Records from a collection
»»
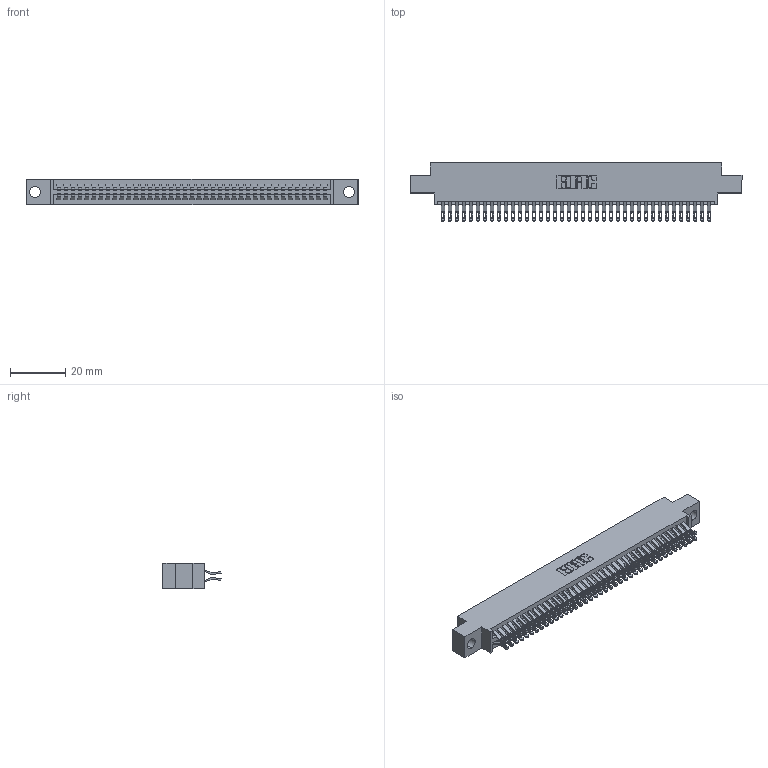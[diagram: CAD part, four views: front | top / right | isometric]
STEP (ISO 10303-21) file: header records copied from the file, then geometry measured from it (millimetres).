
FILE_DESCRIPTION (( 'STEP AP203' ), '1' );
FILE_NAME ('395-078-555-804.STEP', '2018-11-28T01:29:30', ( '' ), ( '' ), 'SwSTEP 2.0', 'SolidWorks 2016', '' );
FILE_SCHEMA (( 'CONFIG_CONTROL_DESIGN' ));
Length unit declared in the file: inch
Products named in the file (3): 345 Part_0.170 Offset - 0.156 Dia-TH; 395-078-555-804; 345-292-001_555 Tail
Assembly tree (79 placements, depth 2):
  395-078-555-804
    345 Part_0.170 Offset - 0.156 Dia-TH
    345-292-001_555 Tail  x78
Bounding box: 120.27 x 21.13 x 9.4 mm (x, y, z)
Volume: 11680.2 mm3; surface area: 17952.8 mm2
Topology: 79 solids, 79 shells, 4498 faces, 14159 edges, 9438 vertices
Faces by surface type: plane 2502, cylinder 1996
Entity records: 31465 total; most frequent: CARTESIAN_POINT 5314, ORIENTED_EDGE 5218, DIRECTION 4657, EDGE_CURVE 2609, LINE 2301, VECTOR 2301, VERTEX_POINT 1738, AXIS2_PLACEMENT_3D 1178
««
Repeat each line above exactly. The pictures stay out.

Result for this task:
[diagram: CAD part, four views: front | top / right | isometric]
STEP (ISO 10303-21) file: header records copied from the file, then geometry measured from it (millimetres).
FILE_DESCRIPTION (( 'STEP AP203' ), '1' );
FILE_NAME ('395-078-555-804.STEP', '2018-11-28T01:29:30', ( '' ), ( '' ), 'SwSTEP 2.0', 'SolidWorks 2016', '' );
FILE_SCHEMA (( 'CONFIG_CONTROL_DESIGN' ));
Length unit declared in the file: inch
Products named in the file (3): 345 Part_0.170 Offset - 0.156 Dia-TH; 395-078-555-804; 345-292-001_555 Tail
Assembly tree (79 placements, depth 2):
  395-078-555-804
    345 Part_0.170 Offset - 0.156 Dia-TH
    345-292-001_555 Tail  x78
Bounding box: 120.27 x 21.13 x 9.4 mm (x, y, z)
Volume: 11680.2 mm3; surface area: 17952.8 mm2
Topology: 79 solids, 79 shells, 4498 faces, 14159 edges, 9438 vertices
Faces by surface type: plane 2502, cylinder 1996
Entity records: 31465 total; most frequent: CARTESIAN_POINT 5314, ORIENTED_EDGE 5218, DIRECTION 4657, EDGE_CURVE 2609, LINE 2301, VECTOR 2301, VERTEX_POINT 1738, AXIS2_PLACEMENT_3D 1178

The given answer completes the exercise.